Actualités agricoles Paysan Breton en Bretagne, Côtes d'Armor, Finistère, Ille-et-Vilaine, Morbihan
Sommaire | " DOSSIERS " | Aviculture | Article n°3859 |
Recherchez  dans  Recherchez
Recherche avancéeRecherche avancée
Archives (prochaine parution le 10 septembre 2010) Recevoir les articles par mailAlerte email
 
 
Jean-Philippe Grissault, Plouasne (22) «La brumisation m’apporte de la sécurité»
 
Dès mon installation en 1994, j’avais comme objectif de mettre en place un équipement de prévention des coups de chaleur», explique Jean-Philippe Grissault, de Plouasne (22).
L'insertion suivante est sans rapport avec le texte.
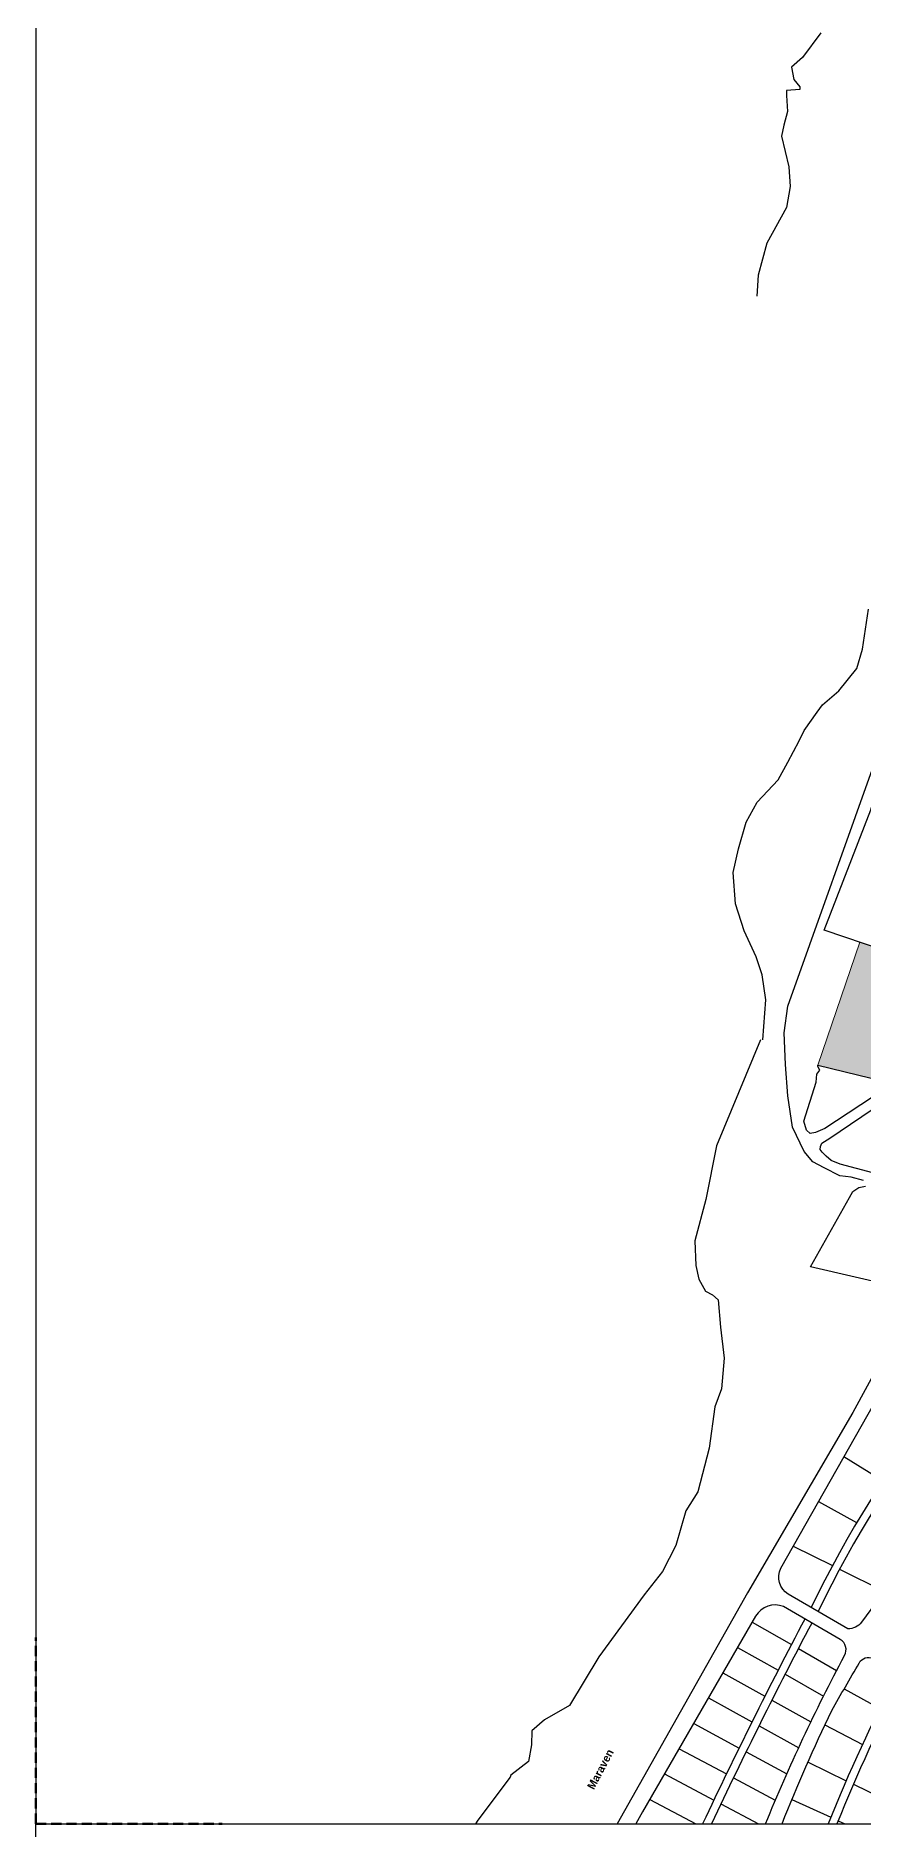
# Model space of a CAD drawing. Header units: millimetres. Extents: x 2890 to 6602, y 1274 to 4283.
# Drawn here: x 2890 to 3407, y 1855 to 2976 of the extents above; entities that cross this region are included whole.
import ezdxf

# ---------------------------------------------------------------- set-up
doc = ezdxf.new("R2010")
doc.units = ezdxf.units.MM
doc.linetypes.add('HIDDEN', pattern=[9.525, 6.35, -3.175])
doc.layers.add('CLINICA', color=190, linetype='Continuous', lineweight=0)
doc.layers.add('PERIMETRO', color=253, linetype='HIDDEN', lineweight=50)
doc.layers.add('LETRAS', color=7, linetype='Continuous')
doc.layers.add('Paraguana', color=53, linetype='Continuous')
doc.styles.add('ROMANS', font='')
doc.styles.get('ROMANS').set_extended_font_data('Berlin Sans FB Demi', bold=True)

msp = doc.modelspace()

# ---------------------------------------------------------------- hatches: boundary and pattern name
at = {"layer": 'CLINICA'}
h = msp.add_hatch(dxfattribs=at)
h.set_pattern_fill('BRASS', color=256, scale=0.2, angle=38)
h.set_pattern_definition([(38, (-265.4257, -24546.8498), (-0.781890074, 1.00077366), []), (38, (-265.8166, -24546.3494), (-0.781890074, 1.00077366), [0.635, -0.3175])])
h.paths.add_polyline_path([(3477.7, 2308.7), (3378.7, 2332.8), (3404.8, 2409.7), (3502.1, 2376.7)])

# ---------------------------------------------------------------- linework, layer by layer
for p, q in [((3395, 2088.2), (3419.4, 2073.1)), ((3379.1, 2060.2), (3402.9, 2047)), ((3363.3, 2032.3), (3387.8, 2020.1)), ((3392.2, 2017.9), (3419.9, 2004.1)), ((3337.7, 1984.8), (3362.1, 1970.7)), ((3328.5, 1969), (3353.8, 1954.7)), ((3366.5, 1968.3), (3390.4, 1954.5)), ((3319.4, 1953.2), (3345.6, 1938.5)), ((3358.2, 1952.2), (3382.2, 1938.6)), ((3395.1, 1943.1), (3417.3, 1930.8)), ((3310.3, 1937.4), (3337.5, 1922.4)), ((3350, 1936.1), (3374.3, 1922.5)), ((3301.1, 1921.5), (3329.5, 1906.1)), ((3341.9, 1919.9), (3366.7, 1906.3)), ((3383.1, 1920.6), (3406.6, 1908.4)), ((3292, 1905.7), (3321.5, 1889.9)), ((3333.9, 1903.7), (3359.3, 1889.9)), ((3372.6, 1897.3), (3396.4, 1885.7)), ((3282.8, 1889.9), (3313.7, 1873.6)), ((3325.9, 1887.5), (3352.1, 1873.5)), ((3400.9, 1883.5), (3427.3, 1870.7)), ((3273.7, 1874), (3302.5, 1858.8)), ((3362.5, 1873.9), (3386.8, 1862.8)), ((3318.1, 1871.2), (3341.6, 1858.8)), ((3391.4, 1860.7), (3395.6, 1858.8))]:
    msp.add_line(p, q)
for points in [[(2890.1, 1858.8), (5169.1, 1858.8), (5169.1, 4149.2), (2890.1, 4149.2)], [(3553.5, 2497.6), (3506.1, 2375.4), (3382.6, 2417.2), (3411.7, 2492.5), (3422.8, 2531), (3427.7, 2537.2), (3440.5, 2539.4), (3450.8, 2537.3)], [(3419.1, 2309.6), (3430.1, 2306.9), (3445.6, 2281.9), (3447.7, 2278.6), (3449.2, 2274.1), (3448.4, 2270.5), (3445.3, 2266.1), (3440.4, 2260.2), (3436.5, 2259.3), (3392.7, 2271), (3387, 2273.2), (3383.9, 2275.9), (3381.4, 2278.5), (3380.2, 2280.1), (3380.3, 2282), (3381.2, 2284), (3386.2, 2287.2)], [(2890.1, 1858.8), (5169.1, 1858.8), (5169.1, 1820.7), (2890.1, 1820.7)]]:
    msp.add_lwpolyline(points, close=True)
at = {"color": 40}
for points in [[(3344.3, 2348.7), (3346.1, 2373.6), (3343.8, 2389.3), (3340.1, 2400.6), (3332.7, 2416.7), (3327.2, 2433.6), (3325.8, 2453.3), (3329, 2468), (3333.8, 2484.7), (3340.7, 2497.1), (3353.9, 2511.1), (3360, 2522.3), (3366.9, 2535.6), (3370.1, 2541.9), (3378.3, 2553.4), (3381.5, 2558.1), (3391.7, 2566.7), (3403, 2580.8), (3406.5, 2592.8), (3410.4, 2617.8)], [(3342.9, 2348.6), (3315.3, 2282.4), (3308.7, 2249), (3301.7, 2223), (3302.4, 2207.7), (3304.2, 2199.1), (3308.4, 2191.7), (3312.9, 2189.4), (3316.3, 2186.2), (3317.8, 2169.2), (3320.1, 2149.8), (3318.5, 2130.6), (3314.4, 2119.4), (3310.7, 2093.6), (3303.6, 2066.2), (3296.1, 2054.4), (3290, 2032.6), (3281.7, 2016.5), (3270.2, 2001.9), (3241.8, 1963), (3223.4, 1932.6), (3223.4, 1932.6), (3207.9, 1923.8), (3199.9, 1916.9), (3199.8, 1908.2), (3197.9, 1897.6), (3186.9, 1889.2), (3186.5, 1887.9), (3166.3, 1861), (3164.8, 1858.8)]]:
    msp.add_lwpolyline(points, dxfattribs=at)
for points in [[(3407.2, 2260.7), (3399.4, 2262.8), (3392.3, 2263.6), (3382.6, 2268.6), (3382.6, 2268.6), (3375.5, 2272.5), (3370.1, 2278.9), (3362.8, 2294.2), (3359.9, 2313.7), (3358.5, 2333.2), (3357.7, 2353), (3360, 2369.8), (3415.9, 2526.7)], [(3422.2, 2320.7), (3422.2, 2320.4), (3420, 2317.7), (3383, 2293.2), (3377.2, 2290.8), (3373.9, 2290.2), (3371.5, 2292.3), (3369.9, 2297.9), (3377.6, 2322.2), (3378, 2327.2), (3380, 2329.8), (3378.6, 2332), (3378.7, 2332.8), (3477.7, 2308.7)], [(3427.1, 2194.5), (3374, 2206.8), (3398.4, 2250.1), (3400.5, 2253.8), (3404.3, 2256.4), (3408.4, 2257.3)], [(3417.1, 2146.5), (3400.6, 2115.7), (3334.8, 2003), (3253.2, 1858.8)]]:
    msp.add_lwpolyline(points)
for points in [[(3545.5, 2254.5), (3584.6, 2207.5, -0.445755), (3582.7, 2194.8, 0.030044), (3497.9, 2111.2, 0.003786), (3406, 1984.7, -0.243236), (3397.3, 1980.6), (3360.2, 2002.2, -0.382705), (3355.5, 2018.5), (3456.7, 2197.1, -0.146637), (3479.7, 2219.1, -0.019088), (3536.1, 2255.4, -0.399702), (3545.5, 2254.5, -5.172722)], [(3392.7, 1973.9), (3357.1, 1994.6, 0.362098), (3339.8, 1988.5), (3269.2, 1866.2), (3264.9, 1858.8)], [(3346, 1858.8, -0.024707), (3395.3, 1964, 0.412721), (3392.7, 1973.9)], [(3356.3, 1858.8, -0.015428), (3387.3, 1929.6, -0.001781), (3404.5, 1959.2, -0.414064), (3413.1, 1962)]]:
    msp.add_lwpolyline(points, format="xyb")
for centre, radius, start, end in [((3976.3, 1704.5), 667.8, 127.9893, 154.3212), ((3976.3, 1704.5), 662.8, 127.9764, 154.3552), ((6150.7, 519.7), 3143.5, 152.1804, 154.7875), ((6150.7, 519.7), 3138.5, 152.1842, 154.7445), ((4322.6, 1483.9), 1009.6, 152.3129, 158.2018), ((4322.6, 1483.9), 1004.6, 152.3253, 158.0877)]:
    msp.add_arc(centre, radius, start, end)
at = {"layer": 'CLINICA'}
msp.add_lwpolyline([(3477.7, 2308.7), (3378.7, 2332.8), (3404.8, 2409.7), (3502.1, 2376.7), (3477.7, 2308.7)], dxfattribs=at)
at = {"layer": 'Paraguana'}
msp.add_lwpolyline([(3380.6, 2978), (3369, 2962.6), (3362.1, 2956.5), (3363.6, 2948.8), (3367.5, 2944.2), (3367.5, 2942.6), (3359, 2941.9), (3359, 2938.8), (3359.8, 2928.8), (3357.5, 2920.3), (3355.9, 2913.4), (3360.5, 2894.2), (3361.3, 2881.9), (3359, 2868.8), (3346.7, 2846.5), (3341.3, 2826.5), (3340.5, 2813.5)], dxfattribs=at)
at = {"layer": 'PERIMETRO'}
for q in [(2890.1, 1975.2), (3006.4, 1858.8)]:
    msp.add_line((2890.1, 1858.8), q, dxfattribs=at)

# ---------------------------------------------------------------- texts
at = {"layer": 'LETRAS', "style": 'ROMANS'}
msp.add_text('Maraven', height=5, rotation=62.2597, dxfattribs=at).set_placement((3238.7, 1879.7))

doc.saveas('drawing.dxf')
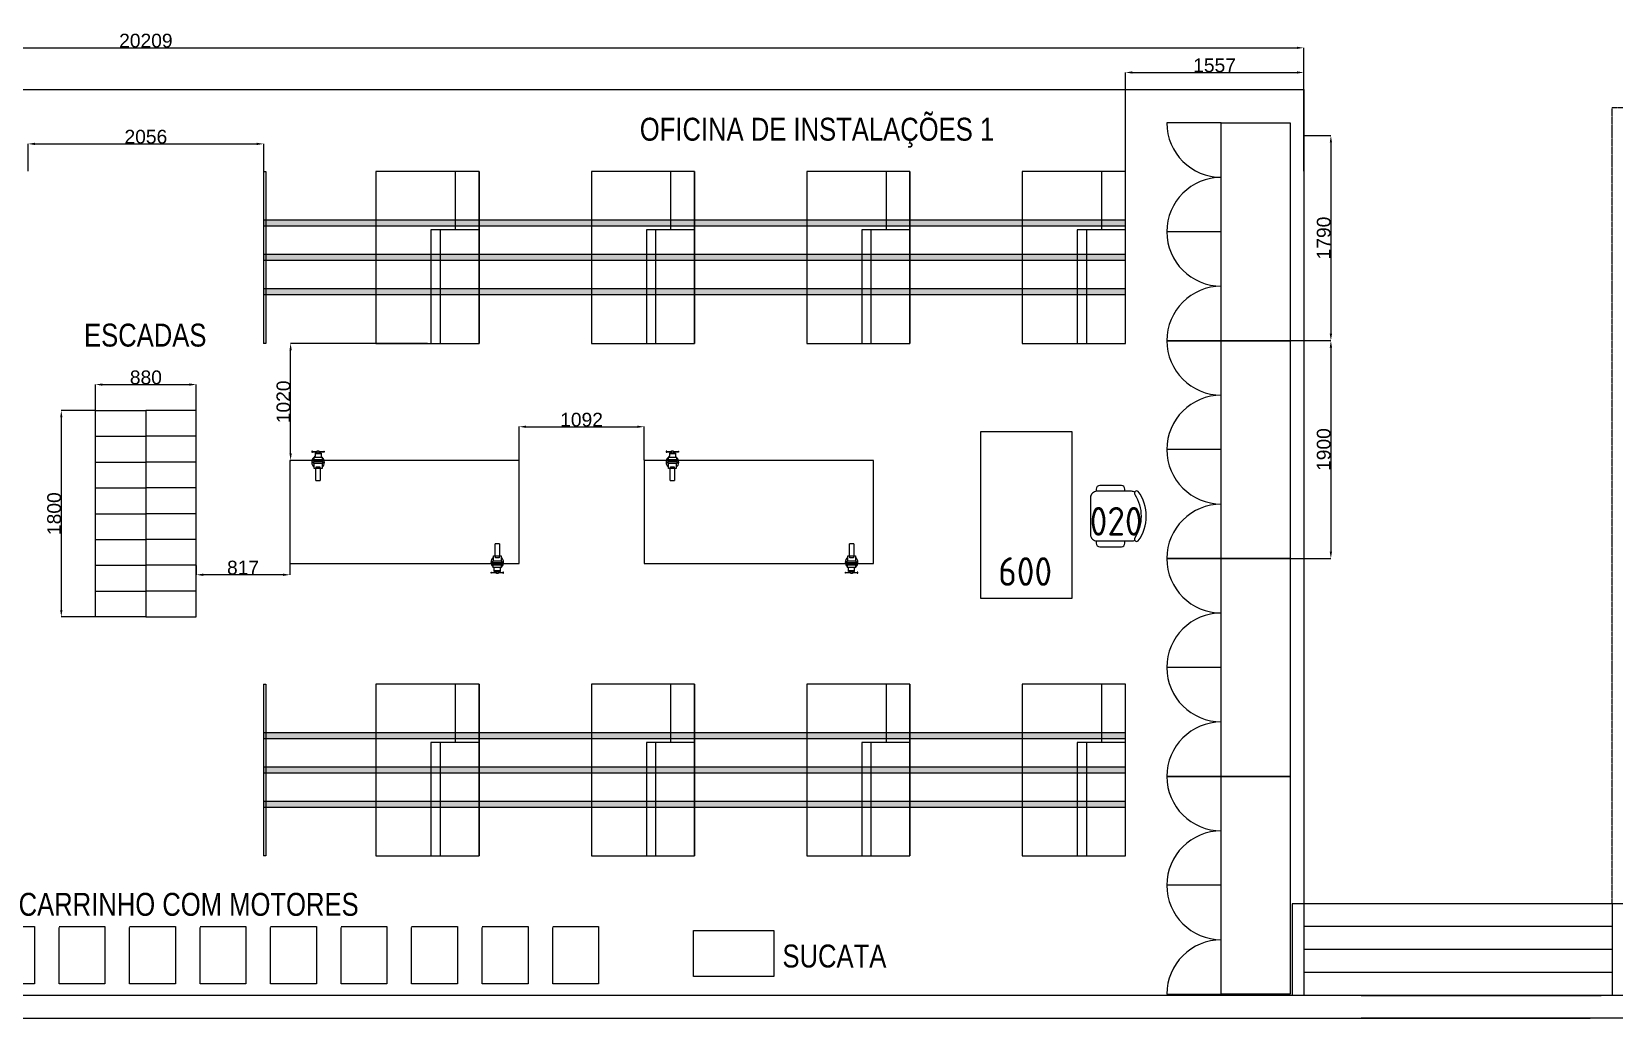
# Model space of a CAD drawing. Header units: millimetres. Extents: x 18768 to 1484868, y -11027 to 520152.
# Drawn here: x 173462 to 187274, y 146848 to 155454 of the extents above; entities that cross this region are included whole.
import ezdxf
from ezdxf.enums import TextEntityAlignment as Align

# ---------------------------------------------------------------- set-up
doc = ezdxf.new("R2010")
doc.units = ezdxf.units.MM
doc.linetypes.add('DASHED', pattern=[0.75, 0.55, -0.2])
doc.linetypes.add('DIVIDE', pattern=[2.15, 1.5, -0.2, 0.05, -0.15, 0.05, -0.2])
for name, color, linetype in [('4-MOBILIA', 4, 'Continuous'), ('A Construir', 1, 'Continuous'), ('L025-CONTORNO', 7, 'Continuous'), ('L025-IMAGIN', 1, 'DIVIDE'), ('L025-TEXTO', 7, 'Continuous'), ('L025-TRACEJ', 140, 'DASHED'), ('L035-ARRANJO-ADQUIRIR', 102, 'Continuous'), ('L035-ARRANJO-EXISTENTE', 180, 'Continuous'), ('PAREDES', 7, 'Continuous')]:
    doc.layers.add(name, color=color, linetype=linetype)
doc.styles.add('ISO-CP--25', font='isocp.shx', dxfattribs={"height": 250})
doc.styles.get("Standard").update_dxf_attribs({"font": 'arial.ttf'})
doc.dimstyles.new('ISO-25', dxfattribs={"dimtxt": 2.5, "dimasz": 2.5, "dimexe": 1.25, "dimexo": 0.625, "dimtad": 1, "dimtxsty": 'Standard', "dimcen": 2.5, "dimadec": 0, "dimazin": 0, "dimtfac": 1, "dimtmove": 0, "dimatfit": 3, "dimfxl": 1, "dimarcsym": 0})

# ---------------------------------------------------------------- blocks, each defined once
blk = doc.blocks.new('BL_SENAI_id9330820540')
at = {"layer": 'L025-TRACEJ', "color": 0}
blk.add_arc((-499, 243, 80), 800, 76.4167, 125, dxfattribs=at)
at = {"layer": 'L035-ARRANJO-EXISTENTE', "color": 0}
for p, q in [((-360, 1031, 80), (-499, 243, 80)), ((-449, 234, 80), (-310, 1022, 80)), ((-310, 1022, 80), (-360, 1031, 80)), ((-2268, -19, 80), (-958, 898, 80)), ((241, -814, 80), (-958, 898, 80)), ((-1244, -279, 80), (-1703, 376, 80)), ((-1720, 242, 80), (-2048, 12, 80)), ((-1809, -675, 80), (-499, 243, 80)), ((-1376, -250, 80), (-1720, 242, 80)), ((-499, 243, 80), (-449, 234, 80)), ((-2048, 12, 80), (-1703, -479, 80)), ((-1069, -1731, 80), (-2268, -19, 80)), ((-1703, -479, 80), (-1376, -250, 80)), ((-1219, -262, 80), (-480, -1319, 80)), ((-1162, -222, 80), (-422, -1278, 80)), ((-792, -750, 80), (-1439, -1203, 80)), ((-1069, -1731, 80), (241, -814, 80))]:
    blk.add_line(p, q, dxfattribs=at)
at = {"layer": 'L025-TEXTO', "style": 'ISO-CP--25'}
blk.add_attdef('rmp_mt_codmaterial', (15, 15), '', height=40, dxfattribs=at)
at = {"layer": 'L025-TEXTO', "style": 'ISO-CP--25', "flags": 1}
for tag in ['rmp_mt_nomeunid', 'rmp_mt_potencia', 'rmp_mt_cod']:
    blk.add_attdef(tag, (15, 15), '', height=40, dxfattribs=at)
blk = doc.blocks.new('*D108')
at = {"color": 0, "lineweight": -2, "transparency": 16777216}
for p, q in [((173431, 154236), (173431, 154477)), ((173491, 154475), (175427, 154475)), ((175487, 154236), (175487, 154477))]:
    blk.add_line(p, q, dxfattribs=at)
at = {"color": 0, "lineweight": 15, "transparency": 16777216}
for points in [[(173491, 154485), (173491, 154465), (173431, 154475)], [(175427, 154485), (175427, 154465), (175487, 154475)]]:
    blk.add_solid(points, dxfattribs=at)
at = {"layer": 'DEFPOINTS', "color": 0, "lineweight": 15, "transparency": 16777216}
for p in [(175487, 154475), (173431, 154235), (175487, 154235)]:
    blk.add_point(p, dxfattribs=at)
at = {"color": 0, "transparency": 16777216, "insert": (174459, 154537), "char_height": 120, "attachment_point": 5}
blk.add_mtext('2056', dxfattribs=at)
blk = doc.blocks.new('*D109')
at = {"color": 0, "lineweight": -2, "transparency": 16777216}
for p, q in [((183007, 154236), (183007, 155099)), ((183067, 155098), (184503, 155098)), ((184563, 154236), (184563, 155099))]:
    blk.add_line(p, q, dxfattribs=at)
at = {"color": 0, "lineweight": 15, "transparency": 16777216}
for points in [[(183067, 155108), (183067, 155088), (183007, 155098)], [(184503, 155108), (184503, 155088), (184563, 155098)]]:
    blk.add_solid(points, dxfattribs=at)
at = {"layer": 'DEFPOINTS', "color": 0, "lineweight": 15, "transparency": 16777216}
for p in [(184563, 155098), (183007, 154235), (184563, 154235)]:
    blk.add_point(p, dxfattribs=at)
at = {"color": 0, "transparency": 16777216, "insert": (183785, 155160), "char_height": 120, "attachment_point": 5}
blk.add_mtext('1557', dxfattribs=at)
blk = doc.blocks.new('*D110')
at = {"color": 0, "lineweight": -2, "transparency": 16777216}
for p, q in [((177716, 151716), (177716, 152009)), ((177776, 152008), (178747, 152008)), ((178807, 151716), (178807, 152009))]:
    blk.add_line(p, q, dxfattribs=at)
at = {"color": 0, "lineweight": 15, "transparency": 16777216}
for points in [[(177776, 152018), (177776, 151998), (177716, 152008)], [(178747, 152018), (178747, 151998), (178807, 152008)]]:
    blk.add_solid(points, dxfattribs=at)
at = {"layer": 'DEFPOINTS', "color": 0, "lineweight": 15, "transparency": 16777216}
for p in [(178807, 152008), (177716, 151715), (178807, 151715)]:
    blk.add_point(p, dxfattribs=at)
at = {"color": 0, "transparency": 16777216, "insert": (178261, 152069), "char_height": 120, "attachment_point": 5}
blk.add_mtext('1092', dxfattribs=at)
blk = doc.blocks.new('*D111')
at = {"color": 0, "lineweight": -2, "transparency": 16777216}
for p, q in [((176916, 152735), (175721, 152735)), ((175722, 151775), (175722, 152675)), ((175716, 151715), (175723, 151715))]:
    blk.add_line(p, q, dxfattribs=at)
at = {"color": 0, "lineweight": 15, "transparency": 16777216}
for points in [[(175712, 152675), (175732, 152675), (175722, 152735)], [(175712, 151775), (175732, 151775), (175722, 151715)]]:
    blk.add_solid(points, dxfattribs=at)
at = {"layer": 'DEFPOINTS', "color": 0, "lineweight": 15, "transparency": 16777216}
for p in [(175722, 152735), (176917, 152735), (175716, 151715)]:
    blk.add_point(p, dxfattribs=at)
at = {"color": 0, "transparency": 16777216, "insert": (175660, 152225), "char_height": 120, "attachment_point": 5, "rotation": 90}
blk.add_mtext('1020', dxfattribs=at)
blk = doc.blocks.new('*D112')
at = {"color": 0, "lineweight": -2, "transparency": 16777216}
for p, q in [((174899, 150799), (174899, 150716)), ((175656, 150717), (174959, 150717)), ((175716, 150814), (175716, 150716))]:
    blk.add_line(p, q, dxfattribs=at)
at = {"color": 0, "lineweight": 15, "transparency": 16777216}
for points in [[(174959, 150727), (174959, 150707), (174899, 150717)], [(175656, 150727), (175656, 150707), (175716, 150717)]]:
    blk.add_solid(points, dxfattribs=at)
at = {"layer": 'DEFPOINTS', "color": 0, "lineweight": 15, "transparency": 16777216}
for p in [(174899, 150800), (174899, 150717), (175716, 150815)]:
    blk.add_point(p, dxfattribs=at)
at = {"color": 0, "transparency": 16777216, "insert": (175307, 150779), "char_height": 120, "attachment_point": 5}
blk.add_mtext('817', dxfattribs=at)
blk = doc.blocks.new('*D113')
at = {"color": 0, "lineweight": -2, "transparency": 16777216}
for p, q in [((174019, 152150), (174019, 152377)), ((174079, 152376), (174839, 152376)), ((174899, 152150), (174899, 152377))]:
    blk.add_line(p, q, dxfattribs=at)
at = {"color": 0, "lineweight": 15, "transparency": 16777216}
for points in [[(174079, 152386), (174079, 152366), (174019, 152376)], [(174839, 152386), (174839, 152366), (174899, 152376)]]:
    blk.add_solid(points, dxfattribs=at)
at = {"layer": 'DEFPOINTS', "color": 0, "lineweight": 15, "transparency": 16777216}
for p in [(174899, 152376), (174019, 152150), (174899, 152150)]:
    blk.add_point(p, dxfattribs=at)
at = {"color": 0, "transparency": 16777216, "insert": (174459, 152438), "char_height": 120, "attachment_point": 5}
blk.add_mtext('880', dxfattribs=at)
blk = doc.blocks.new('*D114')
at = {"color": 0, "lineweight": -2, "transparency": 16777216}
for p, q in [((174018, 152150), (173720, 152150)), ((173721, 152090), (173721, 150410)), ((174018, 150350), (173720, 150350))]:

Il a construit deux poulaillers de 1500 m2 pour produire des poulets lourds Princior de 52 jours destinés à la découpe (groupement Gaevol).
Le premier poulailler (94) est à extraction haute avec 24 ventilateurs de 10 000 m3/h. « La première année, la capacité de ventilation étant trop juste, j’ai installé une rampe basse pression extérieure de chaque côté du poulailler. Ce système fonctionnait bien dans les bâtiments de mes parents, », explique Jean-Philippe. Cette rampe permettait de baisser la température de l’ordre de 2°C ce qui est limité. L’inconvénient principal résidait surtout dans la consommation d’eau car rapidement le forage n’a pas pu subvenir aux besoins totaux.
En 1996, l’éleveur décide d’investir dans 2 turbines de 40 000 m3/h, une dans chaque pignon afin de renforcer la capacité de ventilation de ce premier poulailler (coût de l’ordre de 1 500 euros). « Cet investissement, associé à l’application de mesures de prévention, m’a permis de passer le coup de chaleur de juin 1996 sans pertes ».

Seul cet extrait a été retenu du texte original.